Archive for April 29th, 2012

Destructive Duo.

Update:  A good friend who I will not name but it’s Aggie has suggested a new name for Girlhead.  I am so enamored of it that I’m throwing it out there and y’all can vote but I’m 90% of the way to adopting it.  It just sounds purty.


Let’s take a vote – regarding Girlhead’s stage name on this blog – should we:

A) Keep it the way it is – “Girlhead”?


B) Change it to “Lemur Girl”?


C) Lemurita


It’s no secret that I really resonate with my daughter Lemurita, and nine is such a fun age in my opinion.  The other night we took apart the broken kitchen clock, down to the component gears, and talked about gear ratios, electromagnetics (the teensy motor), and put it back carefully to restore it to working order.  So she got to see what I’ve done all my life, which is take things apart – she still doesn’t have a clue how many things I’ve never been able to properly reassemble but I told her that even those are things you learn from.

Why fight to save an old kitchen clock?  Because the replacement Cruel Wife had is hideous.  She thinks it is “pretty”.  I think it looks like a bunch of impressionistic painters and their cats got run over by a rock crusher.

Today Lemurita came to me and said “Lemur-Dad, can we take something apart?”

Well, far be it for me to tell her “No, Lemurita, we can’t destroy anything today” when it is clearly not true.  You can destroy something every day of your life if you are gifted.  We went out to the garage to look for something to cannibalize or outright destroy.

Lemurita firmly refuses to let me anywhere near the transmission of her mom’s car even though I swear to her that we’d put it back right where we found it and even though I tell her that taking apart a CVT drive system would be the pinnacle of our lives and quite possibly the lives of three generations of Lemurs to come.  “NO!  You’d never get it back together!”  Cruel Wife came into the room and said “That’s RIGHT, Lemurita.  Don’t you pay any attention to your dad.”

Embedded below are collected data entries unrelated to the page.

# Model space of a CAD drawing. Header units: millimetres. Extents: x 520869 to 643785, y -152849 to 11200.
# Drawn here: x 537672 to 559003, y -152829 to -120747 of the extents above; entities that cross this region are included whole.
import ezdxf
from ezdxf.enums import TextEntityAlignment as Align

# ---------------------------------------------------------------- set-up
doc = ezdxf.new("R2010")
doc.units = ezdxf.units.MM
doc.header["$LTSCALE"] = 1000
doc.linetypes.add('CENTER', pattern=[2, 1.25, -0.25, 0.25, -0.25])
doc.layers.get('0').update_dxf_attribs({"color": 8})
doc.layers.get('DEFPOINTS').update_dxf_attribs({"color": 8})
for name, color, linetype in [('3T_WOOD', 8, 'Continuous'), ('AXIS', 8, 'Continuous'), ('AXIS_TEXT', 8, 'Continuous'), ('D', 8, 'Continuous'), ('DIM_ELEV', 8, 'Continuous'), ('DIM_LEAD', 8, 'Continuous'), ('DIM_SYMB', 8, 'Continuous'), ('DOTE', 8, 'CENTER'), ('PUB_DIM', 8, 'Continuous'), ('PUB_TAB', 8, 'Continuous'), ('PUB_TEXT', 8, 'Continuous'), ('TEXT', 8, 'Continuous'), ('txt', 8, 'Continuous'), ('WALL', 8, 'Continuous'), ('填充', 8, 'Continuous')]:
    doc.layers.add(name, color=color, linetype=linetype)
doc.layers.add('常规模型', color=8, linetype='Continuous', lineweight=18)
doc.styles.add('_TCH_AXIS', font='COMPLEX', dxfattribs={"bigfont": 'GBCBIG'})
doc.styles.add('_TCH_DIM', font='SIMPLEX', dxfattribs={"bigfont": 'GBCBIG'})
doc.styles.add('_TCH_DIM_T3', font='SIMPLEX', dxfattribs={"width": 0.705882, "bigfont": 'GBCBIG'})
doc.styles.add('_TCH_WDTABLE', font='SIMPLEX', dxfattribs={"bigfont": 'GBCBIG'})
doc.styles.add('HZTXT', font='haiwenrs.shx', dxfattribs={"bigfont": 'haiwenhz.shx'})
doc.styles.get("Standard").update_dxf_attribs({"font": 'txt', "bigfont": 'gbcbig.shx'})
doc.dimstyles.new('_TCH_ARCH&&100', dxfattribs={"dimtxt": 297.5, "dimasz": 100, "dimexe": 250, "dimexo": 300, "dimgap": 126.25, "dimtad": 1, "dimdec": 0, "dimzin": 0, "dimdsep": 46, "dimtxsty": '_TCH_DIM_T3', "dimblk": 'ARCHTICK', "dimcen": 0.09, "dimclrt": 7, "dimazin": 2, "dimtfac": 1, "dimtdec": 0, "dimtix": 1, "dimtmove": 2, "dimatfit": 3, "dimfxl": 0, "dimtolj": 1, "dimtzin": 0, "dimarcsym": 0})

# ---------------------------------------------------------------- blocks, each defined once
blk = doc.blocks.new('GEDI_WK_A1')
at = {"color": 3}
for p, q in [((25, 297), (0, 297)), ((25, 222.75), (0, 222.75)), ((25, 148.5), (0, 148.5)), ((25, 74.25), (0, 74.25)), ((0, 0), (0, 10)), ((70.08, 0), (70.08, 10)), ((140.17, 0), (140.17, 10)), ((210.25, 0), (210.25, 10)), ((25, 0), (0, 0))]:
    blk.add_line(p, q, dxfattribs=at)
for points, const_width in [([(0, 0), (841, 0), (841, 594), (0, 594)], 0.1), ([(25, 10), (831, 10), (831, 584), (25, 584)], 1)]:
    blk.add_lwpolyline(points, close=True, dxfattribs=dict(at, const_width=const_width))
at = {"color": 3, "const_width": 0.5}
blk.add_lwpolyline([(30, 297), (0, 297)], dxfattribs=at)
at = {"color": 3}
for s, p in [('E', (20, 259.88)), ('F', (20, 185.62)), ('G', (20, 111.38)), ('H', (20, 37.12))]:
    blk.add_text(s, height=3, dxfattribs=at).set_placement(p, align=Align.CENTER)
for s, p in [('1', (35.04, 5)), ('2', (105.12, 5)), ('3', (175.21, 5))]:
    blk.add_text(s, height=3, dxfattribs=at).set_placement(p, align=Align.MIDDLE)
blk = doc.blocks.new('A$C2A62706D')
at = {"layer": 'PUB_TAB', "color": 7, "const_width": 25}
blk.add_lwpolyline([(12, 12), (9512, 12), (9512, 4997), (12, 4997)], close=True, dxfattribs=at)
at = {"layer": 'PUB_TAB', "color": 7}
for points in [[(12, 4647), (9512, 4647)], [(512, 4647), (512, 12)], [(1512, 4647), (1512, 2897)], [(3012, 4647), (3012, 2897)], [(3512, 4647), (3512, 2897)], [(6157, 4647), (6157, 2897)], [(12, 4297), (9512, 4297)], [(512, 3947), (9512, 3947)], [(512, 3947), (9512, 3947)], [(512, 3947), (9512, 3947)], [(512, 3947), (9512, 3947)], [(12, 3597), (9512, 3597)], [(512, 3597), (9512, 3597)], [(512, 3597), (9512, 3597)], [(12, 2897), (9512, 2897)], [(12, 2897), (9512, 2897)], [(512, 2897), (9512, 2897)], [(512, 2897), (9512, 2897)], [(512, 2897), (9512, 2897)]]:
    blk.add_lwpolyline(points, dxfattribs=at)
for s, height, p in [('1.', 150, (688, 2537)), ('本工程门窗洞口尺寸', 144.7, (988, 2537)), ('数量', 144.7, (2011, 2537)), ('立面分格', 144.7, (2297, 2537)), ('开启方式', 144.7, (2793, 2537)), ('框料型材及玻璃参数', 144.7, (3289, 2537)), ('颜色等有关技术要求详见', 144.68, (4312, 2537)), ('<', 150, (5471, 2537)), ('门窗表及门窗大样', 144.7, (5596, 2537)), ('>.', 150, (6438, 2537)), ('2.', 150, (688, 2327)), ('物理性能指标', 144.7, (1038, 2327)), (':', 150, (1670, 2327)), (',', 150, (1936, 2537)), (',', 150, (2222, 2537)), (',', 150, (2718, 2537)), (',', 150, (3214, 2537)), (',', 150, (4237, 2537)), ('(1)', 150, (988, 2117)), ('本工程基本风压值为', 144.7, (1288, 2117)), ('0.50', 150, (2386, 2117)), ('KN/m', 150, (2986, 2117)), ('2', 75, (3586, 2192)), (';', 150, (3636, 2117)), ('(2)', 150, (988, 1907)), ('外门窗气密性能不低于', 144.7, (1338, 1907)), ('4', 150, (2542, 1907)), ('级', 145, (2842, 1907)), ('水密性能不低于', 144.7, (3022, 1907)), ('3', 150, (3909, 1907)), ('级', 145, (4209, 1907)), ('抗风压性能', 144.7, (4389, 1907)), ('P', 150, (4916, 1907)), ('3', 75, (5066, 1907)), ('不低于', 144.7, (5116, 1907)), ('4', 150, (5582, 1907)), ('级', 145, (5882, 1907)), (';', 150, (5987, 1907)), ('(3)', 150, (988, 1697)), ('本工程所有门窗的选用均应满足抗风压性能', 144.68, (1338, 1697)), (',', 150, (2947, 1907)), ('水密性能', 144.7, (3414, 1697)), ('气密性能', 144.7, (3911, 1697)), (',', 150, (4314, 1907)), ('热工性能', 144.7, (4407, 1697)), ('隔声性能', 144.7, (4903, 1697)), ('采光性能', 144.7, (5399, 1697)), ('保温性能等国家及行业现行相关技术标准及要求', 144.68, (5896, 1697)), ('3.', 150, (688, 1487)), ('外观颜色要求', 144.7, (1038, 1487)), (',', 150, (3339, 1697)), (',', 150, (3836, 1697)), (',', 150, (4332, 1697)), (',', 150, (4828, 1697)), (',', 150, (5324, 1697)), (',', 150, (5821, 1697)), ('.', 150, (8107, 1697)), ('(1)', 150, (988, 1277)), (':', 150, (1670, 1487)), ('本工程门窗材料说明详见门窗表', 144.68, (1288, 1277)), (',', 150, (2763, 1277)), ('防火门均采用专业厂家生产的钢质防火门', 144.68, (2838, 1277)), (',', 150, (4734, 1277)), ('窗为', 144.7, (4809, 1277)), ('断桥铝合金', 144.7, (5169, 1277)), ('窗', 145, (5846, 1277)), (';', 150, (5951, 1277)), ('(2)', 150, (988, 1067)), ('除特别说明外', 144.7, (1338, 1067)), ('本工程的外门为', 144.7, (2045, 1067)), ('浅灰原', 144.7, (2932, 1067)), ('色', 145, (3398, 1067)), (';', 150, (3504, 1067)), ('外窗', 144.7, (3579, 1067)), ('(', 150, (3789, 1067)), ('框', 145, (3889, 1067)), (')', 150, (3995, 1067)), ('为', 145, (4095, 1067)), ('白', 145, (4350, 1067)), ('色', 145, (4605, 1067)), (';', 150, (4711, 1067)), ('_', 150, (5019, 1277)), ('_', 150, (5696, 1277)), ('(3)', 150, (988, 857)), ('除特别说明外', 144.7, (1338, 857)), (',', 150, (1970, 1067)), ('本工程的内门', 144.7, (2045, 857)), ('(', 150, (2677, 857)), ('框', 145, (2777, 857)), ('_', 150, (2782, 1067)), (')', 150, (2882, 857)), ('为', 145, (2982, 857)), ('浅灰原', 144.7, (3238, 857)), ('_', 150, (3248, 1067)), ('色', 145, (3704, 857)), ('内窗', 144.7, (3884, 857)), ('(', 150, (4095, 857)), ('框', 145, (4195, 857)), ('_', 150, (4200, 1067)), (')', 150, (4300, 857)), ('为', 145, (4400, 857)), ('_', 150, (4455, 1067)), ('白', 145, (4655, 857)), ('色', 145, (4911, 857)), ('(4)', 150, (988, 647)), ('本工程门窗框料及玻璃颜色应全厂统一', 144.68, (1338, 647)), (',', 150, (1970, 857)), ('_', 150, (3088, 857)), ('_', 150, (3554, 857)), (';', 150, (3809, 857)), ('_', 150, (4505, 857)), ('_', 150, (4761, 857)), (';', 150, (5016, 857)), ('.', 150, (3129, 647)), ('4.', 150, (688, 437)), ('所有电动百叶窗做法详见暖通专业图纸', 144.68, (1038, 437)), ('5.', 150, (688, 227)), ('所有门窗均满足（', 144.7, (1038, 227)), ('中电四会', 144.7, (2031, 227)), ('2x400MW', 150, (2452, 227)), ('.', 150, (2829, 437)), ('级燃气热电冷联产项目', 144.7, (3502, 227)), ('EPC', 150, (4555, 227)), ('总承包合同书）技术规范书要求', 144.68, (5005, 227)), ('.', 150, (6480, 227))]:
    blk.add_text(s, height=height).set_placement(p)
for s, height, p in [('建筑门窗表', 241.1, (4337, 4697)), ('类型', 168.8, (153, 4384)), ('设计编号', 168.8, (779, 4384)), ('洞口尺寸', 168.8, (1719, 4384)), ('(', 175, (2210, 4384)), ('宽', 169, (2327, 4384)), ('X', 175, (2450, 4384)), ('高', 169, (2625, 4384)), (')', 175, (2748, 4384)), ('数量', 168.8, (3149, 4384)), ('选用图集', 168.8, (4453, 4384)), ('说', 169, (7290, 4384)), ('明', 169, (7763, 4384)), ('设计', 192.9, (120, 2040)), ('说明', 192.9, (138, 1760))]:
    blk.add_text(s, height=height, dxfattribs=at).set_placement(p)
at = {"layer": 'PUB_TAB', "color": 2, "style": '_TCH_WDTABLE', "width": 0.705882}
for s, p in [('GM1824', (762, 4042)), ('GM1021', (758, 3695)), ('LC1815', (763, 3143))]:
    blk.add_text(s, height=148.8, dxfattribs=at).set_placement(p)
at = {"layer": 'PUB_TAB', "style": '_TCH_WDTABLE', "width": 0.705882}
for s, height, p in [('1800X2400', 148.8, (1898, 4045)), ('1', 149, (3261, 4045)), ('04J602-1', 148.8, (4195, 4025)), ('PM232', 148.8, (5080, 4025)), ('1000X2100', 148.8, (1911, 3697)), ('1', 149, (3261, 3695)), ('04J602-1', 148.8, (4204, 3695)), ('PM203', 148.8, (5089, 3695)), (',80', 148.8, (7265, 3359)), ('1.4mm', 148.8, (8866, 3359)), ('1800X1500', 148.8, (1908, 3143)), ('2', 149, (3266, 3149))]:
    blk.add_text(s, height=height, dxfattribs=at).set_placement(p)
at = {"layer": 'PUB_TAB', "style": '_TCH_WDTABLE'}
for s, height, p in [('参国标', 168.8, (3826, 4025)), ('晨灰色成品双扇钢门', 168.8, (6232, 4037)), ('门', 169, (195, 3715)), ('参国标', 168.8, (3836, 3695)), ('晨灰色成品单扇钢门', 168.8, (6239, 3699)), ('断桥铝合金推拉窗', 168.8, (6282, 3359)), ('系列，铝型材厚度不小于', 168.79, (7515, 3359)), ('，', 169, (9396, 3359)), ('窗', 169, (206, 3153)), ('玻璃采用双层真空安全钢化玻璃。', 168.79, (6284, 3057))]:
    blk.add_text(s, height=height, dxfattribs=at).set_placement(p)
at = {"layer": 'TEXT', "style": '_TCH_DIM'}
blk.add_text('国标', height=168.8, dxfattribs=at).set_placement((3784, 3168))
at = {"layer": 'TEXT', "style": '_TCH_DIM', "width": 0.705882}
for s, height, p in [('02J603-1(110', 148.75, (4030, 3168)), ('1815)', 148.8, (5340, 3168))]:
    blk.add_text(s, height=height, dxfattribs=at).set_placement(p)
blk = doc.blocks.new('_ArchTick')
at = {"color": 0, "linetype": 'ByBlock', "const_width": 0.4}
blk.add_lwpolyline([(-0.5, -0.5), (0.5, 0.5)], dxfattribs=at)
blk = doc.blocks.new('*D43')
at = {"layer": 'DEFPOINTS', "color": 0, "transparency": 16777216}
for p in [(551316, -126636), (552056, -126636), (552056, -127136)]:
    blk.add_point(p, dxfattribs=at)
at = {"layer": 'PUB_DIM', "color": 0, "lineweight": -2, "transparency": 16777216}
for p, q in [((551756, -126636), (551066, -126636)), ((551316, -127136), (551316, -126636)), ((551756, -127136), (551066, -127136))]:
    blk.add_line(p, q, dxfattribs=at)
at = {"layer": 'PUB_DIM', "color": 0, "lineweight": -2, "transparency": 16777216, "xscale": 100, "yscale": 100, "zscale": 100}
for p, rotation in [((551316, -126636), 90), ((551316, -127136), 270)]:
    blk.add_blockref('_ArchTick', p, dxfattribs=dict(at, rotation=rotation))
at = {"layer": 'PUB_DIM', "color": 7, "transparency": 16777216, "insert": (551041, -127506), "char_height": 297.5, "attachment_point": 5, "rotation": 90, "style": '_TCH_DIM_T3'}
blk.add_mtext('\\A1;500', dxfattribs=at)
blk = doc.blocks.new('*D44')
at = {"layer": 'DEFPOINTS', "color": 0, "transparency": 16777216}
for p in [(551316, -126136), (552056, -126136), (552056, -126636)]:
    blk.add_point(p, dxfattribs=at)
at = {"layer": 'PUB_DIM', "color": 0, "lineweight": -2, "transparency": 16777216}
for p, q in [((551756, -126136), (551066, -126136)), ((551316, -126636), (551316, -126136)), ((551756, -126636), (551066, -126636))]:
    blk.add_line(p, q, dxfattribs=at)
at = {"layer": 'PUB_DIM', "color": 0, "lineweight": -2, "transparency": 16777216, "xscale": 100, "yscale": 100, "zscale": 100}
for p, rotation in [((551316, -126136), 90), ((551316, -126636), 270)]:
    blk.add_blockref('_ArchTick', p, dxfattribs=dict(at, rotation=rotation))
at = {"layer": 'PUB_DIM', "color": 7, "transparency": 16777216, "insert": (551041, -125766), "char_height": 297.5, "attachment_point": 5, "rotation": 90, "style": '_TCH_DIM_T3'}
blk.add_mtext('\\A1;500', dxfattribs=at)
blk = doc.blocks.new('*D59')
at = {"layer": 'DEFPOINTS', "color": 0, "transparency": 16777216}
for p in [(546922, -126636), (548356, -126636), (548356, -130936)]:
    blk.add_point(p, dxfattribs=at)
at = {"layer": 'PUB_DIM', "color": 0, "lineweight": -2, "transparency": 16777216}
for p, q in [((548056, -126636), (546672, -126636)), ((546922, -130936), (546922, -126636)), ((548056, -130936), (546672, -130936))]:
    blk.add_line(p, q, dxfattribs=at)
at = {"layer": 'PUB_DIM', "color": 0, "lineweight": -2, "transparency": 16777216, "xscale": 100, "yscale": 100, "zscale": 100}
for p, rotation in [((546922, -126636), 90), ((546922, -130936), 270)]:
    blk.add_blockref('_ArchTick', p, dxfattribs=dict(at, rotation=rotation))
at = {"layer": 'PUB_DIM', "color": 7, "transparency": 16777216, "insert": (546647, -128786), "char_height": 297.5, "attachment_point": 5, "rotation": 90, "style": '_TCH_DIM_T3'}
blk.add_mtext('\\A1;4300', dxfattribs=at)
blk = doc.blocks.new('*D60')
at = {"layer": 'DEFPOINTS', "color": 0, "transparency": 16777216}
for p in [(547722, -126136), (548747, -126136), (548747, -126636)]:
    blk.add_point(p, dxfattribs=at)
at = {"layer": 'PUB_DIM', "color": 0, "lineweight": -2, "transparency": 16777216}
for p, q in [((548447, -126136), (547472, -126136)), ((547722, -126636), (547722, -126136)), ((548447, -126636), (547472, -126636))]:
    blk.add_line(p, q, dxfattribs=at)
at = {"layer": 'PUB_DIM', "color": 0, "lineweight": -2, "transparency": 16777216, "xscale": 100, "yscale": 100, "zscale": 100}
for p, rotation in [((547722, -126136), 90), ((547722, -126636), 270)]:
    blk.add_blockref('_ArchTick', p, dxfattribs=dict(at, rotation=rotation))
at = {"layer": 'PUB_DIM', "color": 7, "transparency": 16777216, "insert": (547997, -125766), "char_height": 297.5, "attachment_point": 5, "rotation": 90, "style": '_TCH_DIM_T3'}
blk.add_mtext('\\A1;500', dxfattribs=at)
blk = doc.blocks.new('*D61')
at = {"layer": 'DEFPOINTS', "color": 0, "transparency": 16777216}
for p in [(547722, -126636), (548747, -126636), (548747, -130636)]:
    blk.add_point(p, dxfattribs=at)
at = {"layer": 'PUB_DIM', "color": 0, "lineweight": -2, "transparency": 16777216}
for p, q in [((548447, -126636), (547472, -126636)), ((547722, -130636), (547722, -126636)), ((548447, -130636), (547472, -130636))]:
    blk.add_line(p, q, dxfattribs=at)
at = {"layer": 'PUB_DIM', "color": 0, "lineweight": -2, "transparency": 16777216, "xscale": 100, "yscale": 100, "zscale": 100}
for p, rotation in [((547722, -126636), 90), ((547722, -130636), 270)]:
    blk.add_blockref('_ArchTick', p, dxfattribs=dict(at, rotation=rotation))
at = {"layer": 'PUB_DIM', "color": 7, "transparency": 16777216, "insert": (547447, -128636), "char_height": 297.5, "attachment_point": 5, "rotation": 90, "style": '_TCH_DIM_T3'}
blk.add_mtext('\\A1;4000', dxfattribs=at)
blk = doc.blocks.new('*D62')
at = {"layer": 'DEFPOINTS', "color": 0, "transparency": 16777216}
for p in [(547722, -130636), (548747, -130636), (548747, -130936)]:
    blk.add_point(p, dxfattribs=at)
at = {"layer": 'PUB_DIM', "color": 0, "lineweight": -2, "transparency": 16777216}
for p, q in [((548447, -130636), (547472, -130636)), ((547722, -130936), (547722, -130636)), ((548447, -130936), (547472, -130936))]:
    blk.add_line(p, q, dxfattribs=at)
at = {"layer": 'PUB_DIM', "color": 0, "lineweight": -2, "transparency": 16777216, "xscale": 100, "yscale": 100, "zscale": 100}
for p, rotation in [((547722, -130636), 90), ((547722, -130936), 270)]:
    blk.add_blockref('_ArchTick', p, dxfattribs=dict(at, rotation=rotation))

Update:  After promising Lemurita that the odds were good that Cruel Wife would birth puppies if we took her transmission apart she changed her tune and insisted that NOW we be allowed to take her CVT tranny out and have our way with it.  What Lemurita does not realize is that Cruel Wife has already donated a sewing machine to our efforts.  Yes, Lemurita and Lemur-Dad are going to start taking apart a sewing machine soon.  I think it will be a blast.

I looked at the fridge in the garage and the motor was just going to be too much hassle to get to even with the Sawzall, which is the only way I will work on a fridge.  Either that or a sledgehammer.

We grabbed a hard drive I had sitting in a moldering pile of old hard drives, motherboards, and obsolete video cards.  I suppose I could have spent some time pondering if there was something still valuable on it but if it was in a pile of hard drives sitting on top of the woodburning stove, unattended and unloved, then I’m of the opinion that it probably wasn’t high-importance – and if it was… oops.

We drilled it out and cracked open the case, we studied the ultra-lightweight heads, the drive head mechanism and the magnets, and we asked ourselves why the mechanism is so stiff and the magnets so beefy (it’s all about quick crisp response).

We handed it over to Franken-Boy who did his part with the first contact (look at the platter at the 3:30 location) and promptly went back to playing Skylander.

She immediately said “What else can we take apart??”

I looked at Cruel Wife guiltily.  “I’m afraid I’ve given her the ‘Take-Apart Bug’.  I’m so sorry.

CW just looked at me and grinned.  She’s an engineer, I’m an engineer… she knows the score.